▶ _Excerpted data_
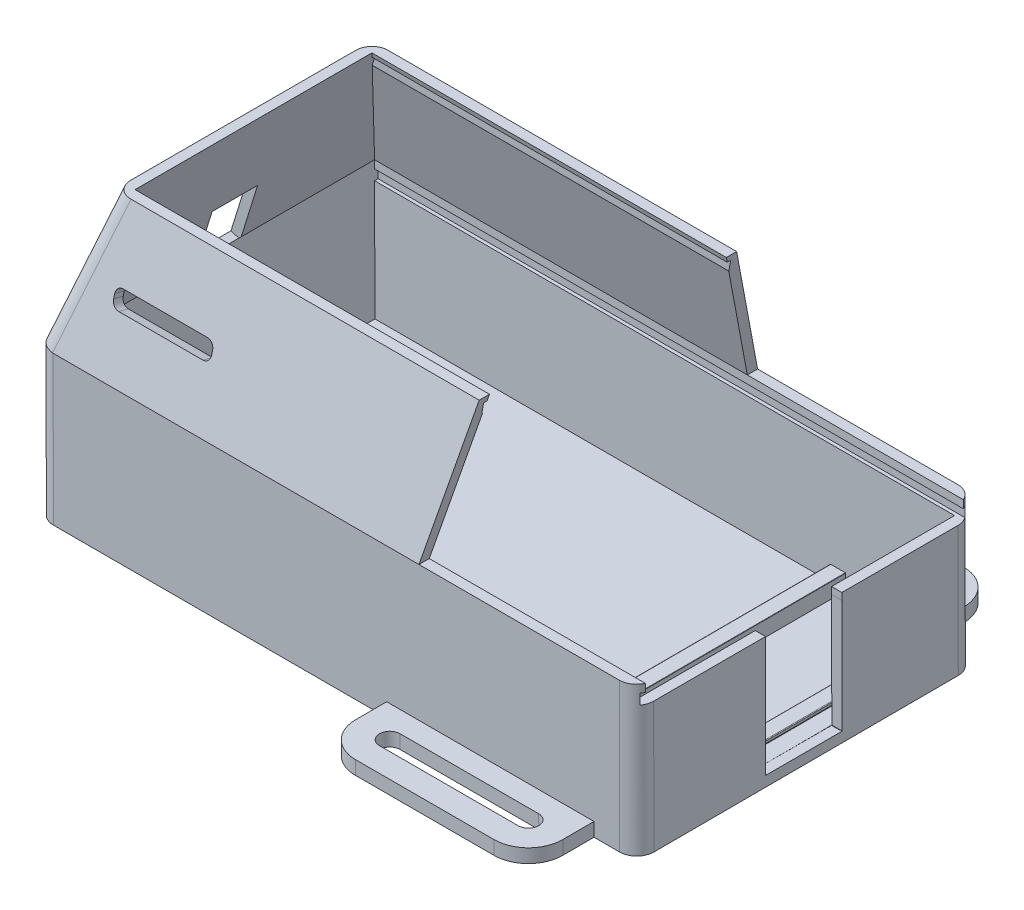
from build123d import *
from OCP.BRepAlgoAPI import BRepAlgoAPI_Cut
from OCP.TopTools import TopTools_ListOfShape

# Parameters (mm, degrees)
SKETCH1_W            = 175.025590169
SKETCH1_H            = 98.699761336
BOSS_EXTRUDE1_DEPTH  = 3
SKETCH2_W            = 175.025590169
SKETCH2_H            = 98.699761336
SKETCH2_W_2          = 169.025590169
SKETCH2_H_2          = 92.699761336
BOSS_EXTRUDE2_DEPTH  = 35.5
BOSS_EXTRUDE3_DEPTH  = 80
CUT_EXTRUDE1_DEPTH   = 3
BOSS_EXTRUDE18_REACH = 231.088
CUT_EXTRUDE2_DEPTH   = 172.025590169
CUT_EXTRUDE6_DEPTH   = 10
CUT_EXTRUDE9_REACH   = 273.858
SKETCH20_W           = 55.04
SKETCH20_H           = 1.6
SKETCH20_W_2         = 71.993551849
SKETCH20_H_2         = 3
SKETCH21_W           = 13.268982054
SKETCH21_H           = 16.981220693
CUT_EXTRUDE10_DEPTH  = 2.864894477
CUT_EXTRUDE11_DEPTH  = 2.899295446
FILLET1_R            = 5
BOSS_EXTRUDE21_DEPTH = 4


with BuildPart() as part:
    # Sketch1 → Boss-Extrude1 (new body)
    with BuildSketch(Plane(origin=(0, 35.362227101, 0.081123263), x_dir=(1, 0, 0), z_dir=(6.9833353168161736e-15, -0.9999973686422646, -0.002294059403524814))):
        with Locations((57.415956998, 123.751717011)):
            Rectangle(SKETCH1_W, SKETCH1_H)
    extrude(amount=BOSS_EXTRUDE1_DEPTH)

    # Sketch2 → Boss-Extrude2 (add)
    with BuildSketch(Plane(origin=(0, 35.362227101, 0.081123263), x_dir=(1, 0, 0), z_dir=(-6.991181572878775e-15, 0.9999973686422646, 0.0022940594035248327))):
        with Locations((57.415956998, -123.751717011)):
            Rectangle(SKETCH2_W, SKETCH2_H)
        with Locations((57.415956998, -123.751717011)):
            Rectangle(SKETCH2_W_2, SKETCH2_H_2, mode=Mode.SUBTRACT)
    extrude(amount=BOSS_EXTRUDE2_DEPTH)

    # Sketch4 → Boss-Extrude3 (add)
    with BuildSketch(Plane(origin=(0, -0.170682232, 74.401640566), x_dir=(-1, 0, 0), z_dir=(0, 0.0022940594035248145, -0.9999973686422646))):
        with BuildLine():
            Line((-137.125595462, 33.362320152), (-137.125595462, 38.762320152))
            ThreePointArc((-137.125595462, 38.762320152), (-137.154884784, 38.83303083), (-137.225595462, 38.862320152))
            Line((-137.225595462, 38.862320152), (-140.437886876, 38.862320152))
            ThreePointArc((-140.437886876, 38.862320152), (-140.571564636, 38.925046414), (-140.625972803, 39.062320152))
            Line((-140.625972803, 39.062320152), (-140.625595462, 39.662320152))
            ThreePointArc((-140.625595462, 39.662320152), (-140.567016818, 39.803741508), (-140.425595462, 39.862320152))
            Line((-140.425595462, 39.862320152), (-136.225595462, 39.862320152))
            ThreePointArc((-136.225595462, 39.862320152), (-136.154884784, 39.83303083), (-136.125595462, 39.762320152))
            Line((-136.125595462, 39.762320152), (-136.125595462, 33.962320152))
            ThreePointArc((-136.125595462, 33.962320152), (-136.09630614, 33.891609474), (-136.025595462, 33.862320152))
            Line((-136.025595462, 33.862320152), (-110.225595462, 33.862320152))
            ThreePointArc((-110.225595462, 33.862320152), (-110.154884784, 33.891609474), (-110.125595462, 33.962320152))
            Line((-110.125595462, 33.962320152), (-110.125595462, 39.762320152))
            ThreePointArc((-110.125595462, 39.762320152), (-110.09630614, 39.83303083), (-110.025595462, 39.862320152))
            Line((-110.025595462, 39.862320152), (-105.825595462, 39.862320152))
            ThreePointArc((-105.825595462, 39.862320152), (-105.684174106, 39.803741508), (-105.625595462, 39.662320152))
            Line((-105.625595462, 39.662320152), (-105.625595462, 39.062320152))
            ThreePointArc((-105.625595462, 39.062320152), (-105.684174106, 38.920898796), (-105.825595462, 38.862320152))
            Line((-105.825595462, 38.862320152), (-109.025595462, 38.862320152))
            ThreePointArc((-109.025595462, 38.862320152), (-109.09630614, 38.83303083), (-109.125595462, 38.762320152))
            Line((-109.125595462, 38.762320152), (-109.125595462, 33.362320152))
            Line((-109.125595462, 33.362320152), (-109.125595462, 32.362320152))
            Line((-109.125595462, 32.362320152), (-137.125595462, 32.362320152))
            Line((-137.125595462, 32.362320152), (-137.125595462, 33.362320152))
        make_face()
    extrude(amount=-BOSS_EXTRUDE3_DEPTH)

    # Sketch5 → Cut-Extrude1 (cut)
    with BuildSketch(Plane(origin=(144.928752082, 0, 0), x_dir=(0, 0, -1), z_dir=(1, 0, 0))):
        Polygon((-135.647864414, 70.612709498), (-135.647864414, 64.800669259), (-135.65072397, 64.797804586), (-135.647864414, 63.551303119), (-135.647864414, 35.046511612), (-113.408223309, 35.046511612), (-113.408223309, 35.092257349), (-113.332519351, 35.092431019), (-113.408223309, 68.092343044), (-113.408223309, 70.612709498), align=None)
    extrude(amount=-CUT_EXTRUDE1_DEPTH, mode=Mode.SUBTRACT)

    # Boss-Extrude18: up to this plane
    boss_extrude18_end = Plane(origin=(59.321367117, 75.402979661, 91.193626143), z_dir=(0, 1, 0))
    # Sketch13 → Boss-Extrude18 (add, up to the surface)
    with BuildSketch(Plane(origin=(0, 70.862133688, 0.162562372), x_dir=(1, 0, 0), z_dir=(-8.261822211046718e-15, 0.9999973686422646, 0.002294059403524814)), mode=Mode.PRIVATE) as boss_extrude18_sk1:
        Polygon((141.928752082, -113.245958928), (144.928752082, -113.245958928), (144.928752082, -74.401836343), (-30.096838087, -74.401836343), (-30.096838087, -173.101597679), (144.928752082, -173.101597679), (144.928752082, -135.485658553), (141.928752082, -135.485658553), (141.928752082, -170.101597679), (-27.096838087, -170.101597679), (-27.096838087, -77.401836343), (141.928752082, -77.401836343), align=None)
    boss_extrude18_tool1 = split(extrude(boss_extrude18_sk1.sketch, amount=BOSS_EXTRUDE18_REACH, mode=Mode.PRIVATE), bisect_by=boss_extrude18_end, keep=Keep.BOTH, mode=Mode.PRIVATE)
    add(boss_extrude18_tool1.solids().sort_by_distance((143.428752, 70.60695, 111.398861))[0])

    # Sketch14 → Cut-Extrude2 (cut)
    with BuildSketch(Plane(origin=(144.928752082, 0, 0), x_dir=(0, 0, -1), z_dir=(1, 0, 0))):
        Polygon((-135.647864414, 70.551321539), (-135.653718085, 73.102979661), (-169.269745666, 73.102979661), (-171.269745666, 73.102979661), (-171.269745666, 70.102979661), (-135.647864414, 70.102979661), align=None)
        Polygon((-76.569745666, 73.102979661), (-78.569745666, 73.102979661), (-113.413959938, 73.102979661), (-113.408223309, 70.602340731), (-113.408223309, 70.102979661), (-76.569745666, 70.102979661), align=None)
        Polygon((-113.408223309, 70.602340731), (-113.413959938, 73.102979661), (-135.653718085, 73.102979661), (-135.647864414, 70.551321539), (-135.647864414, 70.102979661), (-113.408223309, 70.102979661), align=None)
    extrude(amount=-CUT_EXTRUDE2_DEPTH, mode=Mode.SUBTRACT)

    # Sketch15 → Cut-Extrude6 (cut)
    with BuildSketch(Plane(origin=(144.928752082, 0, 0), x_dir=(0, 0, -1), z_dir=(1, 0, 0))):
        Polygon((-113.419236289, 75.402979661), (-113.413959938, 73.102979661), (-77.569743035, 73.102979661), (-77.575019386, 75.402979661), align=None)
        Polygon((-135.653718085, 73.102979661), (-170.269748298, 73.102979661), (-170.275024648, 75.402979661), (-135.653718085, 75.402979661), align=None)
    extrude(amount=-CUT_EXTRUDE6_DEPTH, mode=Mode.SUBTRACT)

    # Loft1: read off the stored shape, not the designer's step
    # Loft1: loft between two sections, ruled curve by curve
    loft1_from = [
        Edge.make_line((-30.096838087, 75.402979661, 173.275032542), (81.538428177, 75.402979661, 173.275032542)),
        Edge.make_line((81.538428177, 75.402979661, 173.275032542), (81.538428177, 75.402979661, 170.275024648)),
        Edge.make_line((81.53842818, 75.402979661, 77.575019386), (81.53842818, 75.402979661, 74.575011492)),
        Edge.make_line((81.538428177, 75.402979661, 170.275024648), (-27.096838087, 75.402979661, 170.275024648)),
        Edge.make_line((-27.096838087, 75.402979661, 170.275024648), (-27.096838087, 75.402979661, 77.575019386)),
        Edge.make_line((-27.096838087, 75.402979661, 77.575019386), (81.53842818, 75.402979661, 77.575019386)),
        Edge.make_line((81.53842818, 75.402979661, 74.575011492), (-30.096838087, 75.402979661, 74.575011492)),
        Edge.make_line((-30.096838087, 75.402979661, 74.575011492), (-30.096838087, 75.402979661, 173.275032542)),
    ]
    loft1_to = [
        Edge.make_line((-17.76157182, 115.102979661, 162.720669643), (88.538428181, 115.102979661, 162.720669643)),
        Edge.make_line((88.538428181, 115.102979661, 162.720669643), (88.538428181, 115.102979661, 159.720669643)),
        Edge.make_line((88.538428181, 115.102979661, 90.680669643), (88.538428181, 115.102979661, 87.680669643)),
        Edge.make_line((88.538428181, 115.102979661, 159.720669643), (-14.761571819, 115.102979661, 159.720669643)),
        Edge.make_line((-14.761571819, 115.102979661, 159.720669643), (-14.761571819, 115.102979661, 90.680669643)),
        Edge.make_line((-14.761571819, 115.102979661, 90.680669643), (88.538428181, 115.102979661, 90.680669643)),
        Edge.make_line((88.538428181, 115.102979661, 87.680669643), (-17.76157182, 115.102979661, 87.680669643)),
        Edge.make_line((-17.76157182, 115.102979661, 87.680669643), (-17.76157182, 115.102979661, 162.720669643)),
    ]
    loft1 = Solid(Shell([*[Face.make_surface_from_curves(loft1_from[k], loft1_to[k]) for k in range(8)], Face(Wire(loft1_from)), Face(Wire(loft1_to))]))
    add(loft1)

    # Cut-Extrude9: up to this plane
    cut_extrude9_end = Plane(origin=(-14.761571819, 115.102979661, 90.680669643), z_dir=(0.9549648258216218, -0.2967190277745592, 0))
    # Sketch20 → Cut-Extrude9 (cut, up to the surface)
    with BuildSketch(Plane(origin=(144.928752082, 0, 0), x_dir=(0, 0, -1), z_dir=(1, 0, 0)), mode=Mode.PRIVATE) as cut_extrude9_sk1:
        with Locations((-125.200669643, 114.302979661)):
            Rectangle(SKETCH20_W, SKETCH20_H)
    cut_extrude9_tool1 = split(extrude(cut_extrude9_sk1.sketch, amount=-CUT_EXTRUDE9_REACH, mode=Mode.PRIVATE), bisect_by=cut_extrude9_end, keep=Keep.BOTH, mode=Mode.PRIVATE)
    add(cut_extrude9_tool1.solids().sort_by_distance((144.928752, 114.30298, 125.20067))[0], mode=Mode.SUBTRACT)
    # Sketch20 → Cut-Extrude9 (cut, up to the surface)
    with BuildSketch(Plane(origin=(144.928752082, 0, 0), x_dir=(0, 0, -1), z_dir=(1, 0, 0)), mode=Mode.PRIVATE) as cut_extrude9_sk2:
        with Locations((-125.149258153, 112.002979661)):
            Rectangle(SKETCH20_W_2, SKETCH20_H_2)
    cut_extrude9_tool2 = split(extrude(cut_extrude9_sk2.sketch, amount=-CUT_EXTRUDE9_REACH, mode=Mode.PRIVATE), bisect_by=cut_extrude9_end, keep=Keep.BOTH, mode=Mode.PRIVATE)
    add(cut_extrude9_tool2.solids().sort_by_distance((144.928752, 112.00298, 125.149258))[0], mode=Mode.SUBTRACT)

    # Sketch21 → Cut-Extrude10 (cut)
    with BuildSketch(Plane(origin=(-48.812951207, 15.166769532, 0), x_dir=(0, 0, 1), z_dir=(-0.9549648258269783, 0.2967190277573198, -6.667019861839508e-15))):
        with Locations((123.069403721, 71.56749915)):
            Rectangle(SKETCH21_W, SKETCH21_H)
    extrude(amount=-CUT_EXTRUDE10_DEPTH, mode=Mode.SUBTRACT)


with BuildPart() as cut_extrude11_tool:
    # Sketch22 → Cut-Extrude11 (new body)
    with BuildSketch(Plane(origin=(0, 48.002301666, 180.559584161), x_dir=(1, 0, 0), z_dir=(-1.1871401813108906e-14, 0.2569284026079074, 0.9664304402973601))):
        with BuildLine():
            Line((-10.196838087, 49.992354943), (14.343161913, 49.992354943))
            ThreePointArc((14.343161913, 49.992354943), (15.757375475, 49.406568505), (16.343161913, 47.992354943))
            Line((16.343161913, 47.992354943), (16.343161913, 46.78671544))
            ThreePointArc((16.343161913, 46.78671544), (15.757375475, 45.372501878), (14.343161913, 44.78671544))
            Line((14.343161913, 44.78671544), (-10.196838087, 44.78671544))
            ThreePointArc((-10.196838087, 44.78671544), (-11.611051649, 45.372501878), (-12.196838087, 46.78671544))
            Line((-12.196838087, 46.78671544), (-12.196838087, 47.992354943))
            ThreePointArc((-12.196838087, 47.992354943), (-11.611051649, 49.406568505), (-10.196838087, 49.992354943))
        make_face()
    extrude(amount=-CUT_EXTRUDE11_DEPTH)


with BuildPart() as part_1:
    add(part.part)

    # Cut-Extrude11: cut by cut_extrude11_tool, with a tolerance
    cut_extrude11_stock = TopTools_ListOfShape()
    cut_extrude11_stock.Append(part_1.part.wrapped)
    cut_extrude11_tools = TopTools_ListOfShape()
    cut_extrude11_tools.Append(cut_extrude11_tool.part.wrapped)
    cut_extrude11_cut = BRepAlgoAPI_Cut()
    cut_extrude11_cut.SetArguments(cut_extrude11_stock)
    cut_extrude11_cut.SetTools(cut_extrude11_tools)
    cut_extrude11_cut.SetFuzzyValue(0.00001)
    cut_extrude11_cut.Build()
    add(Compound.cast(cut_extrude11_cut.Shape()).solids(), mode=Mode.REPLACE)

    # Fillet1
    # the kernel refuses this fillet: 5 mm, written as the material it takes off along each edge
    with BuildSketch(Plane(origin=(144.928752082, 87.902946769, 173.303708285), x_dir=(-2.842170943040428e-14, 0.0022940594035265596, -0.9999973686422645), z_dir=(1.3086114820877341e-15, -0.9999973686422645, -0.0022940594035265596))) as fillet1_piece_1:
        with BuildLine():
            CenterArc((FILLET1_R, -FILLET1_R), FILLET1_R, 90, 90)
            Line((0, -FILLET1_R), (0, 0))
            Line((0, 0), (FILLET1_R, 0))
        make_face()
    fillet1_piece_1_solid = extrude(amount=68.437964315, mode=Mode.PRIVATE)
    with BuildSketch(Plane(origin=(144.928752082, 19.691585655, 74.447205908), x_dir=(0, -0.002294059403524528, 0.9999973686422645), z_dir=(-7.235076541341869e-15, 0.9999973686422646, 0.002294059403524528))) as fillet1_piece_2:
        with BuildLine():
            CenterArc((FILLET1_R, -FILLET1_R), FILLET1_R, 90, 90)
            Line((0, -FILLET1_R), (0, 0))
            Line((0, 0), (FILLET1_R, 0))
        make_face()
    fillet1_piece_2_solid = extrude(amount=68.211540603, mode=Mode.PRIVATE)
    with BuildSketch(Plane(origin=(-35.574773459, 57.772712947, 68.754954851), x_dir=(0.9591228921497503, -0.2687259220295025, -0.08871108489750493), z_dir=(0.2829898898446702, 0.9107787690719829, 0.30066385890795916))) as fillet1_piece_3:
        with BuildLine():
            CenterArc((FILLET1_R * 0.9109342886, -FILLET1_R), FILLET1_R, 90, 84.662925908)
            Line((-FILLET1_R * 0.0847304313661, -FILLET1_R * 0.906985133366), (0, 0))
            Line((0, 0), (FILLET1_R * 0.9109342886, 0))
        make_face()
    fillet1_piece_3_solid = extrude(amount=74.333102768, mode=Mode.PRIVATE)
    with BuildSketch(Plane(origin=(-35.758808566, 57.180411689, 178.119556354), x_dir=(0.9577520410970738, -0.27794080400398097, 0.07389138815863325), z_dir=(0.287595249916248, 0.9256007267731117, -0.24607370201364104))) as fillet1_piece_4:
        with BuildLine():
            CenterArc((FILLET1_R * 0.926460606246, FILLET1_R), FILLET1_R, 184.372217137, 85.627782863)
            Line((-FILLET1_R * 0.0706292300039, FILLET1_R * 0.923764454174), (0, 0))
            Line((0, 0), (FILLET1_R * 0.926460606246, 0))
        make_face()
    fillet1_piece_4_solid = extrude(amount=74.159109449, mode=Mode.PRIVATE)
    with BuildSketch(Plane(origin=(-30.096838087, 96.652923745, 173.323781305), x_dir=(1, 0, 0), z_dir=(6.951998498590891e-15, -0.9999973686422645, -0.0022940594035271494))) as fillet1_piece_5:
        with BuildLine():
            CenterArc((FILLET1_R, -FILLET1_R), FILLET1_R, 90, 90)
            Line((0, -FILLET1_R), (0, 0))
            Line((0, 0), (FILLET1_R, 0))
        make_face()
    fillet1_piece_5_solid = extrude(amount=77.187964315, mode=Mode.PRIVATE)
    with BuildSketch(Plane(origin=(-30.096838087, 19.691585655, 74.447205908), x_dir=(1, 0, 0), z_dir=(-7.070642983583899e-15, 0.9999973686422646, 0.0022940594035247915))) as fillet1_piece_6:
        with BuildLine():
            CenterArc((FILLET1_R, -FILLET1_R), FILLET1_R, 90, 90)
            Line((0, -FILLET1_R), (0, 0))
            Line((0, 0), (FILLET1_R, 0))
        make_face()
    fillet1_piece_6_solid = extrude(amount=76.961540603, mode=Mode.PRIVATE)
    add([fillet1_piece_1_solid, fillet1_piece_2_solid, fillet1_piece_3_solid, fillet1_piece_4_solid, fillet1_piece_5_solid, fillet1_piece_6_solid], mode=Mode.SUBTRACT)

    # Sketch25 → Boss-Extrude21 (add)
    with BuildSketch(Plane(origin=(0, 32.362234995, 0.074241085), x_dir=(1, 0, 0), z_dir=(6.977506045685946e-15, -0.9999973686422646, -0.002294059403524763))):
        with BuildLine():
            Line((132.461015957, 65.298831473), (132.461015957, 74.401836343))
            Line((132.461015957, 74.401836343), (72.0312592, 74.401836343))
            Line((72.0312592, 74.401836343), (72.0312592, 65.298831473))
            ThreePointArc((72.0312592, 65.298831473), (74.960191388, 58.227763661), (82.0312592, 55.298831473))
            Line((82.0312592, 55.298831473), (122.461015957, 55.298831473))
            ThreePointArc((122.461015957, 55.298831473), (129.532083769, 58.227763661), (132.461015957, 65.298831473))
        make_face()
        with BuildLine():
            ThreePointArc((122.461015957, 68.298831473), (125.461015957, 65.298831473), (122.461015957, 62.298831473))
            Line((122.461015957, 62.298831473), (82.0312592, 62.298831473))
            ThreePointArc((82.0312592, 62.298831473), (79.0312592, 65.298831473), (82.0312592, 68.298831473))
            Line((82.0312592, 68.298831473), (122.461015957, 68.298831473))
        make_face(mode=Mode.SUBTRACT)
    boss_extrude21 = extrude(amount=-BOSS_EXTRUDE21_DEPTH)

    # Mirror2: Boss-Extrude21 across plane
    add(boss_extrude21.mirror(Plane(origin=(0, -0.28389379, 123.751391376), x_dir=(1, 0, 0), z_dir=(0, 0.0022940594035248145, -0.9999973686422646))))


solid = part_1.part

▶ _Your goal_
In the material above, find every line with the word "BuildPart" and show it.

▶ _Final answer_
with BuildPart() as part:
with BuildPart() as cut_extrude11_tool:
with BuildPart() as part_1:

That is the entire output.